• [ASSIGNED TASK]:
Filter these entries down to lines holding "Npkn".

[DATA EXTRACT Boundary: Start]

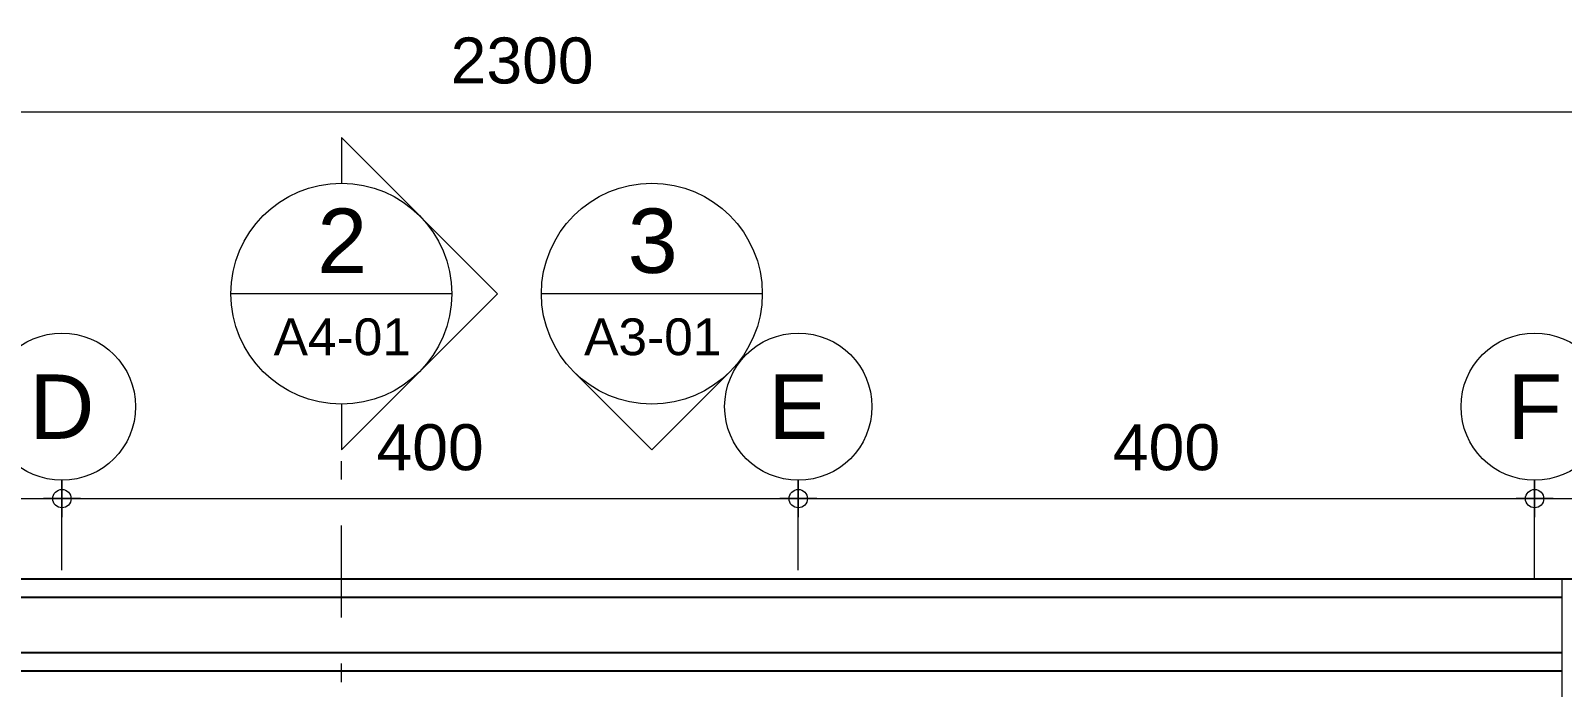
# Model space of a CAD drawing. Header units: millimetres. Extents: x -11 to 1625, y -267 to 180.
# Drawn here: x 1347.77 to 1356.09, y 142.07 to 145.64 of the extents above; entities that cross this region are included whole.
import ezdxf
from ezdxf.enums import TextEntityAlignment as Align

# ---------------------------------------------------------------- set-up
doc = ezdxf.new("R2010")
doc.units = ezdxf.units.MM
doc.linetypes.add('DASHDOT', pattern=[1, 0.5, -0.25, 0, -0.25])
for name, color, linetype, lineweight in [('lan', 7, 'Continuous', 15), ('not', 7, 'Continuous', 20), ('u', 6, 'Continuous', 20)]:
    doc.layers.add(name, color=color, linetype=linetype, lineweight=lineweight)
doc.styles.add('S', font='SIMPLEX', dxfattribs={"width": 1.1})
doc.styles.get("Standard").update_dxf_attribs({"font": 'ARIALUNI.TTF'})
doc.dimstyles.new('SK100', dxfattribs={"dimtxt": 0.25, "dimasz": 0.1, "dimexe": 0.1, "dimexo": 0, "dimgap": 0.15, "dimtad": 1, "dimdec": 0, "dimlfac": 100, "dimzin": 12, "dimdsep": 46, "dimtxsty": 'Standard', "dimblk": 'BULAT', "dimcen": 0.1, "dimclrd": 256, "dimclre": 256, "dimclrt": 256, "dimadec": 0, "dimazin": 3, "dimtfac": 1, "dimtdec": 0, "dimtofl": 0, "dimtmove": 0, "dimatfit": 3, "dimldrblk": 'BULAT', "dimfxl": 0, "dimtolj": 1, "dimtzin": 0, "dimlwd": -1, "dimlwe": -1, "dimarcsym": 0})

# ---------------------------------------------------------------- blocks, each defined once
blk = doc.blocks.new('BULAT')
for p, q in [((0, -1), (0, 1)), ((-1, 0), (1, 0))]:
    blk.add_line(p, q)
blk.add_circle((0, 0), 0.5)
blk = doc.blocks.new('*D1372')
at = {"layer": 'Defpoints', "color": 0, "ltscale": 0.15}
for p in [(1347.9393, 143.0929), (1344.9393, 142.7044), (1347.9393, 142.7044)]:
    blk.add_point(p, dxfattribs=at)
at = {"layer": 'u', "ltscale": 0.15}
for p, q in [((1344.9393, 142.7044), (1344.9393, 143.1929)), ((1347.9393, 142.7044), (1347.9393, 143.1929)), ((1345.0393, 143.0929), (1347.8393, 143.0929))]:
    blk.add_line(p, q, dxfattribs=at)
at = {"layer": 'u', "ltscale": 0.15, "xscale": 0.1, "yscale": 0.1, "zscale": 0.1, "rotation": 180}
blk.add_blockref('BULAT', (1344.9393, 143.0929), dxfattribs=at)
at = {"layer": 'u', "ltscale": 0.15, "xscale": 0.1, "yscale": 0.1, "zscale": 0.1}
blk.add_blockref('BULAT', (1347.9393, 143.0929), dxfattribs=at)
at = {"layer": 'u', "ltscale": 0.15, "insert": (1346.4393, 143.3707), "char_height": 0.25, "attachment_point": 5}
blk.add_mtext('\\A1;300', dxfattribs=at)
blk = doc.blocks.new('*D1373')
at = {"layer": 'Defpoints', "color": 0, "ltscale": 0.15}
for p in [(1355.9393, 143.0929), (1351.9393, 142.7044), (1355.9393, 142.6568)]:
    blk.add_point(p, dxfattribs=at)
at = {"layer": 'u', "ltscale": 0.15}
for p, q in [((1351.9393, 142.7044), (1351.9393, 143.1929)), ((1355.9393, 142.6568), (1355.9393, 143.1929)), ((1352.0393, 143.0929), (1355.8393, 143.0929))]:
    blk.add_line(p, q, dxfattribs=at)
at = {"layer": 'u', "ltscale": 0.15, "xscale": 0.1, "yscale": 0.1, "zscale": 0.1, "rotation": 180}
blk.add_blockref('BULAT', (1351.9393, 143.0929), dxfattribs=at)
at = {"layer": 'u', "ltscale": 0.15, "xscale": 0.1, "yscale": 0.1, "zscale": 0.1}
blk.add_blockref('BULAT', (1355.9393, 143.0929), dxfattribs=at)
at = {"layer": 'u', "ltscale": 0.15, "insert": (1353.9393, 143.3707), "char_height": 0.25, "attachment_point": 5}
blk.add_mtext('\\A1;400', dxfattribs=at)
blk = doc.blocks.new('*D1374')
at = {"layer": 'Defpoints', "color": 0, "ltscale": 0.15}
for p in [(1358.9393, 143.0929), (1358.9393, 142.7044), (1355.9393, 142.6568)]:
    blk.add_point(p, dxfattribs=at)
at = {"layer": 'u', "ltscale": 0.15}
for p, q in [((1355.9393, 142.6568), (1355.9393, 143.1929)), ((1358.9393, 142.7044), (1358.9393, 143.1929)), ((1356.0393, 143.0929), (1358.8393, 143.0929))]:
    blk.add_line(p, q, dxfattribs=at)
at = {"layer": 'u', "ltscale": 0.15, "xscale": 0.1, "yscale": 0.1, "zscale": 0.1, "rotation": 180}
blk.add_blockref('BULAT', (1355.9393, 143.0929), dxfattribs=at)
at = {"layer": 'u', "ltscale": 0.15, "xscale": 0.1, "yscale": 0.1, "zscale": 0.1}
blk.add_blockref('BULAT', (1358.9393, 143.0929), dxfattribs=at)
at = {"layer": 'u', "ltscale": 0.15, "insert": (1357.4393, 143.3707), "char_height": 0.25, "attachment_point": 5}
blk.add_mtext('\\A1;300', dxfattribs=at)
blk = doc.blocks.new('*D1375')
at = {"layer": 'Defpoints', "color": 0, "ltscale": 0.15}
for p in [(1351.9393, 143.0929), (1347.9393, 142.7044), (1351.9393, 142.7044)]:
    blk.add_point(p, dxfattribs=at)
at = {"layer": 'u', "ltscale": 0.15}
for p, q in [((1347.9393, 142.7044), (1347.9393, 143.1929)), ((1351.9393, 142.7044), (1351.9393, 143.1929)), ((1348.0393, 143.0929), (1351.8393, 143.0929))]:
    blk.add_line(p, q, dxfattribs=at)
at = {"layer": 'u', "ltscale": 0.15, "xscale": 0.1, "yscale": 0.1, "zscale": 0.1, "rotation": 180}
blk.add_blockref('BULAT', (1347.9393, 143.0929), dxfattribs=at)
at = {"layer": 'u', "ltscale": 0.15, "xscale": 0.1, "yscale": 0.1, "zscale": 0.1}
blk.add_blockref('BULAT', (1351.9393, 143.0929), dxfattribs=at)
at = {"layer": 'u', "ltscale": 0.15, "insert": (1349.9393, 143.3707), "char_height": 0.25, "attachment_point": 5}
blk.add_mtext('\\A1;400', dxfattribs=at)
blk = doc.blocks.new('NAV')
blk.add_circle((0, -0.4), 0.4)
at = {"style": 'S', "width": 0.75, "flags": 4}
blk.add_attdef('AV', text='', height=0.3, dxfattribs=at).set_placement((0, -0.4), align=Align.MIDDLE)
blk = doc.blocks.new('*D1393')
at = {"layer": 'Defpoints', "color": 0, "ltscale": 0.15}
for p in [(1361.9393, 145.1953), (1338.9393, 144.3729), (1361.9393, 144.4229)]:
    blk.add_point(p, dxfattribs=at)
at = {"layer": 'u', "ltscale": 0.15}
for p, q in [((1338.9393, 144.3729), (1338.9393, 145.2953)), ((1361.9393, 144.4229), (1361.9393, 145.2953)), ((1339.0393, 145.1953), (1361.8393, 145.1953))]:
    blk.add_line(p, q, dxfattribs=at)
at = {"layer": 'u', "ltscale": 0.15, "xscale": 0.1, "yscale": 0.1, "zscale": 0.1, "rotation": 180}
blk.add_blockref('BULAT', (1338.9393, 145.1953), dxfattribs=at)
at = {"layer": 'u', "ltscale": 0.15, "xscale": 0.1, "yscale": 0.1, "zscale": 0.1}
blk.add_blockref('BULAT', (1361.9393, 145.1953), dxfattribs=at)
at = {"layer": 'u', "ltscale": 0.15, "insert": (1350.4393, 145.473), "char_height": 0.25, "attachment_point": 5}
blk.add_mtext('\\A1;2300', dxfattribs=at)
blk = doc.blocks.new('Npkn')
for p, q in [((0, 0.8485), (0.8485, 0)), ((0, 0.8485), (0, 0.6)), ((0.6, 0), (-0.6, 0)), ((0, -0.8485), (0.8485, 0)), ((0, -0.6), (0, -0.8485))]:
    blk.add_line(p, q)
blk.add_circle((0, 0), 0.6)
at = {"color": 5, "style": 'S', "width": 0.75, "flags": 4}
blk.add_attdef('NO', text='', height=0.3, dxfattribs=at).set_placement((0.0048, 0.1129), align=Align.CENTER)
at = {"style": 'S', "width": 0.75, "flags": 4}
blk.add_attdef('NOLBR', text='', height=0.2, dxfattribs=at).set_placement((0.0048, -0.3342), align=Align.CENTER)
blk = doc.blocks.new('Ntb')
for p, q in [((0.6, 0), (-0.6, 0)), ((-0.4243, -0.4243), (0, -0.8485)), ((0.4243, -0.4243), (0, -0.8485))]:
    blk.add_line(p, q)
blk.add_circle((0, 0), 0.6)
at = {"color": 5, "style": 'S', "width": 0.75, "flags": 4}
blk.add_attdef('NO', text='', height=0.3, dxfattribs=at).set_placement((0.0048, 0.1129), align=Align.CENTER)
at = {"style": 'S', "width": 0.75, "flags": 4}
blk.add_attdef('NOLBR', text='', height=0.2, dxfattribs=at).set_placement((0.0048, -0.3342), align=Align.CENTER)

msp = doc.modelspace()

# ---------------------------------------------------------------- linework, layer by layer
for p, q in [((1337.1893084, 142.6568196), (1363.6893084, 142.6568196)), ((1337.2893084, 142.5568196), (1356.0893084, 142.5568196)), ((1337.5893084, 142.2568196), (1356.0893084, 142.2568196)), ((1337.6893084, 142.1568196), (1356.0893084, 142.1568196))]:
    msp.add_line(p, q)
at = {"layer": 'lan'}
for p in [(1356.0893084, 142.1568196), (1356.0893084, 141.8818196)]:
    msp.add_line(p, (1356.0893084, 142.6568196), dxfattribs=at)
at = {"layer": 'not', "linetype": 'DASHDOT'}
msp.add_line((1349.4574537, 139.146163), (1349.4574537, 143.3584162), dxfattribs=at)

# ---------------------------------------------------------------- block references
at = {"layer": 'not'}
ref = msp.add_blockref('Npkn', (1349.4574537, 144.2069443), dxfattribs=at)
ref.add_attrib('NO', '2', dxfattribs={"layer": '0', "height": 0.35, "flags": 4}).set_placement((1349.4622193, 144.3198469), align=Align.CENTER)
ref.add_attrib('NOLBR', 'A4-01', dxfattribs={"layer": '0', "height": 0.2, "flags": 4}).set_placement((1349.4622193, 143.8727066), align=Align.CENTER)
ref = msp.add_blockref('Ntb', (1351.1438919, 144.2069443), dxfattribs=at)
ref.add_attrib('NO', '3', dxfattribs={"layer": '0', "height": 0.35, "flags": 4}).set_placement((1351.1486575, 144.3198469), align=Align.CENTER)
ref.add_attrib('NOLBR', 'A3-01', dxfattribs={"layer": '0', "height": 0.2, "flags": 4}).set_placement((1351.1486575, 143.8727066), align=Align.CENTER)
ref = msp.add_blockref('NAV', (1347.9393084, 143.9929267), dxfattribs=at)
ref.add_attrib('AV', 'D', dxfattribs={"layer": '0', "height": 0.35, "flags": 4}).set_placement((1347.9393084, 143.5929267), align=Align.MIDDLE)
ref = msp.add_blockref('NAV', (1351.9393084, 143.9929267), dxfattribs=at)
ref.add_attrib('AV', 'E', dxfattribs={"layer": '0', "height": 0.35, "flags": 4}).set_placement((1351.9393084, 143.5929267), align=Align.MIDDLE)
ref = msp.add_blockref('NAV', (1355.9393084, 143.9929267), dxfattribs=at)
ref.add_attrib('AV', 'F', dxfattribs={"layer": '0', "height": 0.35, "flags": 4}).set_placement((1355.9393084, 143.5929267), align=Align.MIDDLE)

# ---------------------------------------------------------------- dimensions: what is measured, and where the dimension line sits
at = {"layer": 'u', "ltscale": 0.15}
for base, p1, p2, picture, middle in [((1361.9393084, 145.1952522), (1338.9393084, 144.3729267), (1361.9393084, 144.4229267), '*D1393', (1350.4393084, 145.1952522)), ((1347.9393084, 143.0929267), (1344.9393084, 142.7044163), (1347.9393084, 142.7044163), '*D1372', (1346.4393084, 143.0929267)), ((1351.9393084, 143.0929267), (1347.9393084, 142.7044163), (1351.9393084, 142.7044163), '*D1375', (1349.9393084, 143.0929267)), ((1355.9393084, 143.0929267), (1351.9393084, 142.7044163), (1355.9393084, 142.6568196), '*D1373', (1353.9393084, 143.0929267)), ((1358.9393084, 143.0929267), (1355.9393084, 142.6568196), (1358.9393084, 142.7044163), '*D1374', (1357.4393084, 143.0929267))]:
    dim = msp.add_linear_dim(base=base, p1=p1, p2=p2, dimstyle='SK100', dxfattribs=at)
    dim.commit()
    dim.dimension.update_dxf_attribs({"geometry": picture, "text_midpoint": middle, "dimtype": 160})

doc.saveas('drawing.dxf')

[DATA EXTRACT Boundary: End]

• [EXPECTED ANSWER]:
blk = doc.blocks.new('Npkn')
ref = msp.add_blockref('Npkn', (1349.4574537, 144.2069443), dxfattribs=at)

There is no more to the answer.